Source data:
Content starts
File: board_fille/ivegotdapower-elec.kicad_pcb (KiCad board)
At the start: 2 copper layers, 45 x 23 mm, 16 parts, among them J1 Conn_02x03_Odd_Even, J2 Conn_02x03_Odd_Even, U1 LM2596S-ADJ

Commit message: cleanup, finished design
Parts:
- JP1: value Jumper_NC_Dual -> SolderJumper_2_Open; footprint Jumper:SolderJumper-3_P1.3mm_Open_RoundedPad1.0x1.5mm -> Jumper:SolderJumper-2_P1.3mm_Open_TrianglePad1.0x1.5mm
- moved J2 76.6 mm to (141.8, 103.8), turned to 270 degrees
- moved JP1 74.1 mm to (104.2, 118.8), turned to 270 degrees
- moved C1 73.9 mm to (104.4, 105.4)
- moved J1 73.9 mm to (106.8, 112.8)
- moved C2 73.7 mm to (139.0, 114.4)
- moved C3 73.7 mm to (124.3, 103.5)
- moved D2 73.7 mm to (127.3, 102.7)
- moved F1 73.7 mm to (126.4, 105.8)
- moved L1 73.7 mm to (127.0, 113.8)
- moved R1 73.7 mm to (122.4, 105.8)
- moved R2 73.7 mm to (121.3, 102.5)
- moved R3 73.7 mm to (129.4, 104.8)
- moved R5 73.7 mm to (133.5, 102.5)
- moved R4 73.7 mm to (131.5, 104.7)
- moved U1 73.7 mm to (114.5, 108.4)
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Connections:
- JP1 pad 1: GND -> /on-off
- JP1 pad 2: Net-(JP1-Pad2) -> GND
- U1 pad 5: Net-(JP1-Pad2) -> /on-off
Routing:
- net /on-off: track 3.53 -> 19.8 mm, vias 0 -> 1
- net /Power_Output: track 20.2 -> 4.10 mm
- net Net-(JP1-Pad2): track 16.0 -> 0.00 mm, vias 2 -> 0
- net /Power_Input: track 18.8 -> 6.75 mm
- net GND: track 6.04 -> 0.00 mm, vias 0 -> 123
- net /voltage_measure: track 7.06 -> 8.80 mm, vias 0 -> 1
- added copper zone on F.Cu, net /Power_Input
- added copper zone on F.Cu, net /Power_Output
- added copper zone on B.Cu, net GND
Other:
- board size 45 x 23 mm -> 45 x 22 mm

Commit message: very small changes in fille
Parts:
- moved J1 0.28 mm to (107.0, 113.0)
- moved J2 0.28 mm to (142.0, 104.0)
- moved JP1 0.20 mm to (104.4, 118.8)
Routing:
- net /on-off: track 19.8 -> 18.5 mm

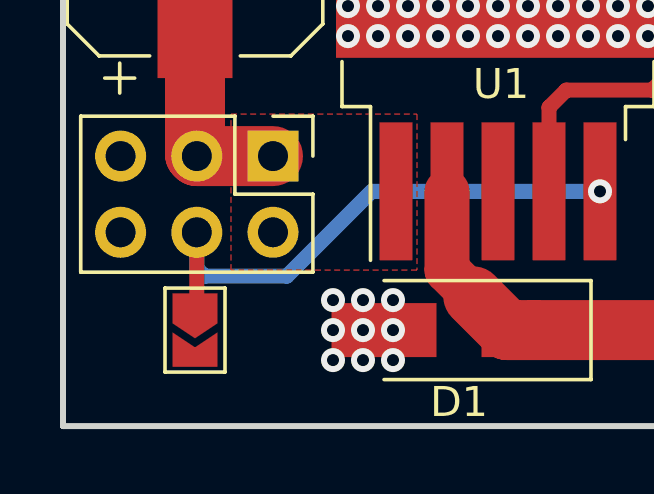
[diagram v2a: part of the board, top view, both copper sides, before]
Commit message: jumper error corrected
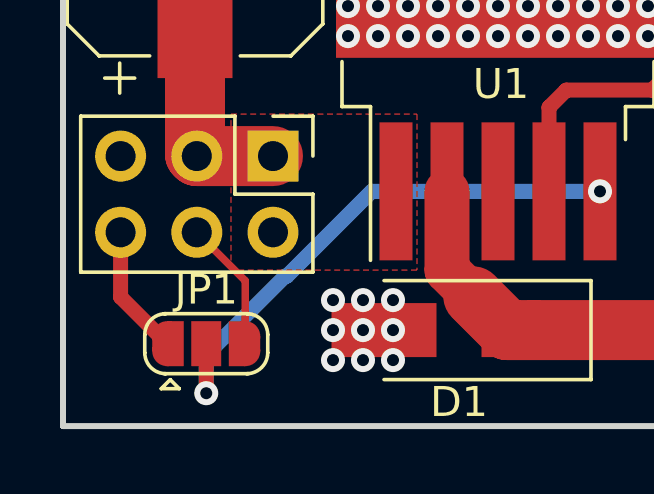
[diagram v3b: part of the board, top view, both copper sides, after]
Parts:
- JP1: value SolderJumper_2_Open -> SolderJumper_3_Open; footprint Jumper:SolderJumper-2_P1.3mm_Open_TrianglePad1.0x1.5mm -> Jumper:SolderJumper-3_P1.3mm_Open_RoundedPad1.0x1.5mm
- moved JP1 0.59 mm to (104.8, 119.3), turned to 0 degrees
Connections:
- JP1 pad 1: /on-off -> GND
- JP1 pad 2: GND -> Net-(JP1-Pad2)
- U1 pad 5: /on-off -> Net-(JP1-Pad2)
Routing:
- net Net-(JP1-Pad2): track 0.00 -> 18.3 mm, vias 0 -> 2
- net /on-off: track 18.5 -> 4.38 mm, vias 1 -> 0
- net GND: track 0.00 -> 4.36 mm
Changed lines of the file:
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@@
-(kicad_pcb (version 20171130) (host pcbnew 5.0.0)
+(kicad_pcb (version 20171130) (host pcbnew "(5.0.0-rc2-30-gcd5f727)")
   (general
     (thickness 1.6)
     (drawings 12)
-    (tracks 167)
+    (tracks 171)
     (zones 0)
     (modules 16)
-    (nets 10)
+    (nets 11)
   )
   (page A4)
@@
       (hpglpennumber 1)
       (hpglpenspeed 20)
-      (hpglpendiameter 15.000000)
+      (hpglpendiameter 15)
       (psnegative false)
       (psa4output false)
@@
   (net 8 "Net-(D1-Pad1)")
   (net 9 /on-off)
+  (net 10 "Net-(JP1-Pad2)")
   (net_class Default "Ceci est la Netclass par défaut."
     (clearance 0.2)
@@
     (add_net "Net-(D1-Pad1)")
     (add_net "Net-(D2-Pad2)")
+    (add_net "Net-(JP1-Pad2)")
+  )
+  (module Jumper:SolderJumper-3_P1.3mm_Open_RoundedPad1.0x1.5mm (layer F.Cu)
+    (at 104.775 119.253)
+    (descr "SMD Solder 3-pad Jumper, 1x1.5mm rounded Pads, 0.3mm gap, open")
+    (tags "solder jumper open")
+    (attr virtual)
+    (fp_text reference JP1 (at 0 -1.8) (layer F.SilkS)
+      (effects (font (size 1 1) (thickness 0.15)))
+    )
+    (fp_text value SolderJumper_3_Open (at 0 1.9) (layer F.Fab)
+      (effects (font (size 1 1) (thickness 0.15)))
+    )
+    (fp_line (start -1.2 1.2) (end -0.9 1.5) (layer F.SilkS) (width 0.12))
+    (fp_line (start -1.5 1.5) (end -0.9 1.5) (layer F.SilkS) (width 0.12))
+    (fp_line (start -1.2 1.2) (end -1.5 1.5) (layer F.SilkS) (width 0.12))
+    (fp_line (start -2.05 0.3) (end -2.05 -0.3) (layer F.SilkS) (width 0.12))
+    (fp_line (start 1.4 1) (end -1.4 1) (layer F.SilkS) (width 0.12))
+    (fp_line (start 2.05 -0.3) (end 2.05 0.3) (layer F.SilkS) (width 0.12))
+    (fp_line (start -1.4 -1) (end 1.4 -1) (layer F.SilkS) (width 0.12))
+    (fp_line (start -2.3 -1.25) (end 2.3 -1.25) (layer F.CrtYd) (width 0.05))
+    (fp_line (start -2.3 -1.25) (end -2.3 1.25) (layer F.CrtYd) (width 0.05))
+    (fp_line (start 2.3 1.25) (end 2.3 -1.25) (layer F.CrtYd) (width 0.05))
+    (fp_line (start 2.3 1.25) (end -2.3 1.25) (layer F.CrtYd) (width 0.05))
+    (fp_arc (start 1.35 -0.3) (end 2.05 -0.3) (angle -90) (layer F.SilkS) (width 0.12))
+    (fp_arc (start 1.35 0.3) (end 1.35 1) (angle -90) (layer F.SilkS) (width 0.12))
+    (fp_arc (start -1.35 0.3) (end -2.05 0.3) (angle -90) (layer F.SilkS) (width 0.12))
+    (fp_arc (start -1.35 -0.3) (end -1.35 -1) (angle -90) (layer F.SilkS) (width 0.12))
+    (pad 1 smd custom (at -1.3 0) (size 1 0.5) (layers F.Cu F.Mask)
+      (net 3 GND) (zone_connect 0)
+      (options (clearance outline) (anchor rect))
+      (primitives
+        (gr_circle (center 0 0.25) (end 0.5 0.25) (width 0))
+        (gr_circle (center 0 -0.25) (end 0.5 -0.25) (width 0))
+        (gr_poly (pts
+           (xy 0.55 -0.75) (xy 0 -0.75) (xy 0 0.75) (xy 0.55 0.75)) (width 0))
+      ))
+    (pad 3 smd custom (at 1.3 0) (size 1 0.5) (layers F.Cu F.Mask)
+      (net 9 /on-off) (zone_connect 0)
+      (options (clearance outline) (anchor rect))
+      (primitives
+        (gr_circle (center 0 0.25) (end 0.5 0.25) (width 0))
+        (gr_circle (center 0 -0.25) (end 0.5 -0.25) (width 0))
+        (gr_poly (pts
+           (xy -0.55 -0.75) (xy 0 -0.75) (xy 0 0.75) (xy -0.55 0.75)) (width 0))
+      ))
+    (pad 2 smd rect (at 0 0) (size 1 1.5) (layers F.Cu F.Mask)
+      (net 10 "Net-(JP1-Pad2)"))
   )
   (module Diode_SMD:D_SMA_Handsoldering (layer F.Cu)
@@
       (rotate (xyz 0 0 0))
     )
-  )
-  (module Jumper:SolderJumper-2_P1.3mm_Open_TrianglePad1.0x1.5mm (layer F.Cu)
-    (at 104.4 118.8 270)
-    (descr "SMD Solder Jumper, 1x1.5mm Triangular Pads, 0.3mm gap, open")
-    (tags "solder jumper open")
-    (attr virtual)
-    (fp_text reference JP1 (at 0 -2.6 270) (layer F.SilkS) hide
-      (effects (font (size 1 1) (thickness 0.15)))
-    )
-    (fp_text value SolderJumper_2_Open (at 0 1.9 270) (layer F.Fab)
-      (effects (font (size 1 1) (thickness 0.15)))
-    )
-    (fp_line (start -1.4 1) (end -1.4 -1) (layer F.SilkS) (width 0.12))
-    (fp_line (start 1.4 1) (end -1.4 1) (layer F.SilkS) (width 0.12))
-    (fp_line (start 1.4 -1) (end 1.4 1) (layer F.SilkS) (width 0.12))
-    (fp_line (start -1.4 -1) (end 1.4 -1) (layer F.SilkS) (width 0.12))
-    (fp_line (start -1.65 -1.25) (end 1.65 -1.25) (layer F.CrtYd) (width 0.05))
-    (fp_line (start -1.65 -1.25) (end -1.65 1.25) (layer F.CrtYd) (width 0.05))
-    (fp_line (start 1.65 1.25) (end 1.65 -1.25) (layer F.CrtYd) (width 0.05))
-    (fp_line (start 1.65 1.25) (end -1.65 1.25) (layer F.CrtYd) (width 0.05))
-    (pad 2 smd custom (at 0.725 0 270) (size 0.3 0.3) (layers F.Cu F.Mask)
-      (net 3 GND) (zone_connect 2)
-      (options (clearance outline) (anchor rect))
-      (primitives
-        (gr_poly (pts
-           (xy -0.65 -0.75) (xy 0.5 -0.75) (xy 0.5 0.75) (xy -0.65 0.75) (xy -0.15 0)
-) (width 0))
-      ))
-    (pad 1 smd custom (at -0.725 0 270) (size 0.3 0.3) (layers F.Cu F.Mask)
-      (net 9 /on-off) (zone_connect 0)
-      (options (clearance outline) (anchor rect))
-      (primitives
-        (gr_poly (pts
-           (xy -0.5 -0.75) (xy 0.5 -0.75) (xy 1 0) (xy 0.5 0.75) (xy -0.5 0.75)
-) (width 0))
-      ))
   )
   (module Connector_PinHeader_2.54mm:PinHeader_2x03_P2.54mm_Vertical (layer F.Cu)
@@
       (net 3 GND))
     (pad 5 smd rect (at -5.775 3.4 90) (size 4.6 1.1) (layers F.Cu F.Paste F.Mask)
-      (net 9 /on-off))
+      (net 10 "Net-(JP1-Pad2)"))
     (pad 4 smd rect (at -5.775 1.7 90) (size 4.6 1.1) (layers F.Cu F.Paste F.Mask)
       (net 2 "Net-(C3-Pad2)"))
@@
   (via (at 118.5 109) (size 0.8) (drill 0.4) (layers F.Cu B.Cu) (net 3))
   (via (at 119.5 109) (size 0.8) (drill 0.4) (layers F.Cu B.Cu) (net 3))
+  (segment (start 101.92 117.698) (end 103.475 119.253) (width 0.5) (layer F.Cu) (net 3))
+  (segment (start 101.92 115.54) (end 101.92 117.698) (width 0.5) (layer F.Cu) (net 3))
   (segment (start 129.375 105.8) (end 129.4 105.775) (width 1.5) (layer F.Cu) (net 4))
   (segment (start 127.425 105.8) (end 129.375 105.8) (width 1.5) (layer F.Cu) (net 4))
@@
   (segment (start 115.7 118.8) (end 114.8 118.8) (width 2) (layer F.Cu) (net 8))
   (segment (start 112.8 116.8) (end 113.675001 117.675001) (width 1.5) (layer F.Cu) (net 8))
-  (segment (start 104.46 116.742081) (end 104.717919 117) (width 0.5) (layer B.Cu) (net 9))
-  (segment (start 104.46 115.54) (end 104.46 116.742081) (width 0.5) (layer B.Cu) (net 9))
-  (via (at 117.9 114.175) (size 0.8) (drill 0.4) (layers F.Cu B.Cu) (net 9))
-  (segment (start 107.464002 117) (end 110.289002 114.175) (width 0.5) (layer B.Cu) (net 9))
-  (segment (start 110.289002 114.175) (end 117.9 114.175) (width 0.5) (layer B.Cu) (net 9))
-  (segment (start 104.717919 117) (end 107.464002 117) (width 0.5) (layer B.Cu) (net 9))
-  (segment (start 104.46 118.015) (end 104.4 118.075) (width 0.5) (layer F.Cu) (net 9))
-  (segment (start 104.46 115.54) (end 104.46 118.015) (width 0.5) (layer F.Cu) (net 9))
+  (segment (start 106.075 117.155) (end 104.46 115.54) (width 0.25) (layer F.Cu) (net 9))
+  (segment (start 106.075 119.253) (end 106.075 117.155) (width 0.25) (layer F.Cu) (net 9))
+  (via (at 117.9 114.175) (size 0.8) (drill 0.4) (layers F.Cu B.Cu) (net 10))
+  (segment (start 107.464002 117) (end 110.289002 114.175) (width 0.5) (layer B.Cu) (net 10))
+  (segment (start 110.289002 114.175) (end 117.9 114.175) (width 0.5) (layer B.Cu) (net 10))
+  (segment (start 107.464002 117) (end 107.409 117) (width 0.5) (layer B.Cu) (net 10))
+  (via (at 104.775 120.904) (size 0.8) (drill 0.4) (layers F.Cu B.Cu) (net 10))
+  (segment (start 104.775 119.634) (end 104.775 120.904) (width 0.5) (layer B.Cu) (net 10))
+  (segment (start 107.409 117) (end 104.775 119.634) (width 0.5) (layer B.Cu) (net 10))
+  (segment (start 104.775 120.904) (end 104.775 119.253) (width 0.5) (layer F.Cu) (net 10))
   (zone (net 3) (net_name GND) (layer F.Cu) (hatch edge 0.508)
     (connect_pads yes (clearance 0.508))

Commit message: update board_fille
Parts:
- removed JP1: SolderJumper_3_Open, Jumper:SolderJumper-3_P1.3mm_Open_RoundedPad1.0x1.5mm
- added R6: R, Resistor_SMD:R_0805_2012Metric_Pad1.15x1.40mm_HandSolder, B.Cu at (109.8, 112.7)
- R3, R4, R5: moved to B.Cu
- moved D2 6.46 mm to (133.8, 102.4)
- moved R3 4.41 mm to (133.8, 104.5)
- moved R5 3.70 mm to (129.8, 102.4)
- moved D1 2.72 mm to (110.5, 118.5)
- moved J1 0.60 mm to (107.0, 112.4)
- moved J2 0.60 mm to (142.0, 103.4)
- moved L1 0.45 mm to (126.8, 113.4)
- moved C2 0.40 mm to (139.0, 114.0)
- moved R4 0.38 mm to (131.8, 104.5)
- moved C1 0.10 mm to (104.4, 105.3)
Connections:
- U1 pad 5: Net-(JP1-Pad2) -> /on-off
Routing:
- net Net-(JP1-Pad2): track 18.3 -> 0.00 mm, vias 2 -> 0
- net /on-off: track 4.38 -> 14.1 mm, vias 0 -> 1
- net /Power_Output: track 4.10 -> 10.4 mm
- net GND: track 4.36 -> 0.00 mm
- net Net-(D2-Pad2): track 2.05 -> 0.00 mm, vias 0 -> 1
- net /voltage_measure: track 9.09 -> 10.8 mm, vias 1 -> 0
- net Net-(D1-Pad1): track 17.7 -> 18.3 mm
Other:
- board size 45 x 22 mm -> 44.5 x 20.3 mm
Content ends
- ACTION ITEM:
Starting at the line above that contains "110.289002 114.175) (width 0.5) (layer B.Cu) (net 9))", repeat each line exactly up to and including the line that contains "115.54) (width 0.25) (layer F.Cu) (net 9))", and stop there.

- THE ANSWER:
-  (segment (start 107.464002 117) (end 110.289002 114.175) (width 0.5) (layer B.Cu) (net 9))
-  (segment (start 110.289002 114.175) (end 117.9 114.175) (width 0.5) (layer B.Cu) (net 9))
-  (segment (start 104.717919 117) (end 107.464002 117) (width 0.5) (layer B.Cu) (net 9))
-  (segment (start 104.46 118.015) (end 104.4 118.075) (width 0.5) (layer F.Cu) (net 9))
-  (segment (start 104.46 115.54) (end 104.46 118.015) (width 0.5) (layer F.Cu) (net 9))
+  (segment (start 106.075 117.155) (end 104.46 115.54) (width 0.25) (layer F.Cu) (net 9))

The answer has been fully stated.